Kemiskinan menjadi alat untuk menarik bantuan asing, menarik simpati, dan mendapatkan kredit murah dari luar negeri. Laut tercemar limbah industri demi ekspor baja ke China. Konflik agraria meningkat.

Petani dan nelayan kehilangan penghidupan. Tapi pemerintah malah beri penghargaan pada eksportir terbesar.

Pemerintah rajin memamerkan angka: pertumbuhan, ekspor, investasi. Tapi tak pernah bicara soal distribusi kekayaan. Kota dan desa makin timpang.

Anak-anak petani tak bisa sekolah. Buruh hanya sanggup menyewa kamar kos kecil. Tapi pemerintah sibuk klaim keberhasilan ekonomi. Kebijakan tak menyentuh akar. Tapi praktiknya, investasi lebih penting dari konstitusi.

Suara Rakyat Semakin Menguat di Media Sosial

Kini rakyat bersuara di media sosial. Kritik terhadap investasi asing dan ekspor tak berkeadilan makin marak.

Tagar #IndonesiaBukanTambang dan #TolakInvestasiAsing sering trending. Rakyat mulai melek ekonomi politik. Solidaritas digital terbentuk.

Pendidikan Ekonomi Kritis Jadi Kebutuhan Mendesak

Sekolah tak lagi boleh hanya mengajarkan teori ekonomi kapitalis yang sudah usang. Sebaliknya, pendidikan ekonomi harus bersifat kritis dan membongkar sistem global yang selama ini mendominasi. Oleh karena itu, kurikulum yang ada saat ini harus segera mengalami perubahan signifikan agar mampu memberikan wawasan yang lebih luas kepada para siswa. Dalam hal ini, penting bagi para pendidik untuk menanamkan pemahaman mengenai sistem ekonomi yang lebih adil, bukan hanya yang menguntungkan segelintir pihak. Dengan kata lain, pendidikan ekonomi harus memperkenalkan konsep-konsep yang memupuk kesadaran akan pentingnya keadilan sosial dan keberlanjutan ekonomi.
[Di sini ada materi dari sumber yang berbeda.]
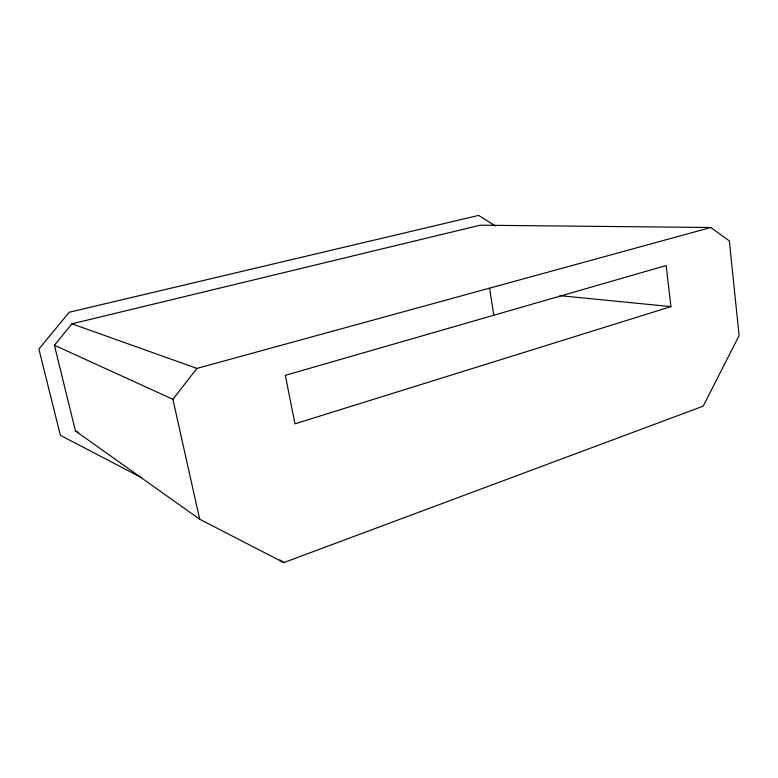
<?xml version="1.0" encoding="UTF-8"?>
<svg xmlns="http://www.w3.org/2000/svg" width="778" height="778" viewBox="0 0 778 778"><rect width="100%" height="100%" fill="white"/><g stroke="black" fill="none" stroke-linecap="round" stroke-linejoin="round"><path stroke-width="1.17" d="M199.693 519.227L172.901 399.309L196.922 368.402L710.791 227.497L729.356 240.888L739.1 335.619L703.186 406.155L283.795 562.591L199.693 519.227L75.456 430.973L54.411 345.247L71.946 323.813L480.104 225.202L710.791 227.497M670.937 306.629L294.979 423.816L285.341 375.336L666.163 265.531L670.937 306.629L560.004 295.669M71.946 323.813L196.922 368.402M54.411 345.247L172.901 399.309M141.732 477.741L60.363 435.291L38.9 349.098L69.164 312.26L478.606 215.409L495.489 225.999M75.456 430.973L78.675 432.665M279.788 559.878L283.795 562.591M489.605 288.152L493.748 315.246"/></g></svg>

Kekuatan Rakyat dalam Politik Ekonomi Harus Bangkit

Di sisi lain, hanya rakyat yang bisa menyelamatkan negara dari kehancuran ekonomi yang semakin nyata. Mereka adalah benteng terakhir yang bisa menjaga kedaulatan ekonomi, terlepas dari tekanan eksternal yang mungkin datang dari kekuatan global. Untuk itu, rakyat harus diberdayakan dengan pengetahuan ekonomi yang kritis agar mampu berperan lebih aktif dalam pengambilan keputusan politik dan ekonomi. Dengan demikian, mereka tidak hanya menjadi penerima dampak, melainkan juga agen perubahan yang berdaya. Oleh karena itu, gerakan untuk memperkuat kekuatan rakyat dalam politik ekonomi harus terus digalakkan, agar kesadaran kolektif tentang pentingnya kedaulatan ekonomi benar-benar terwujud.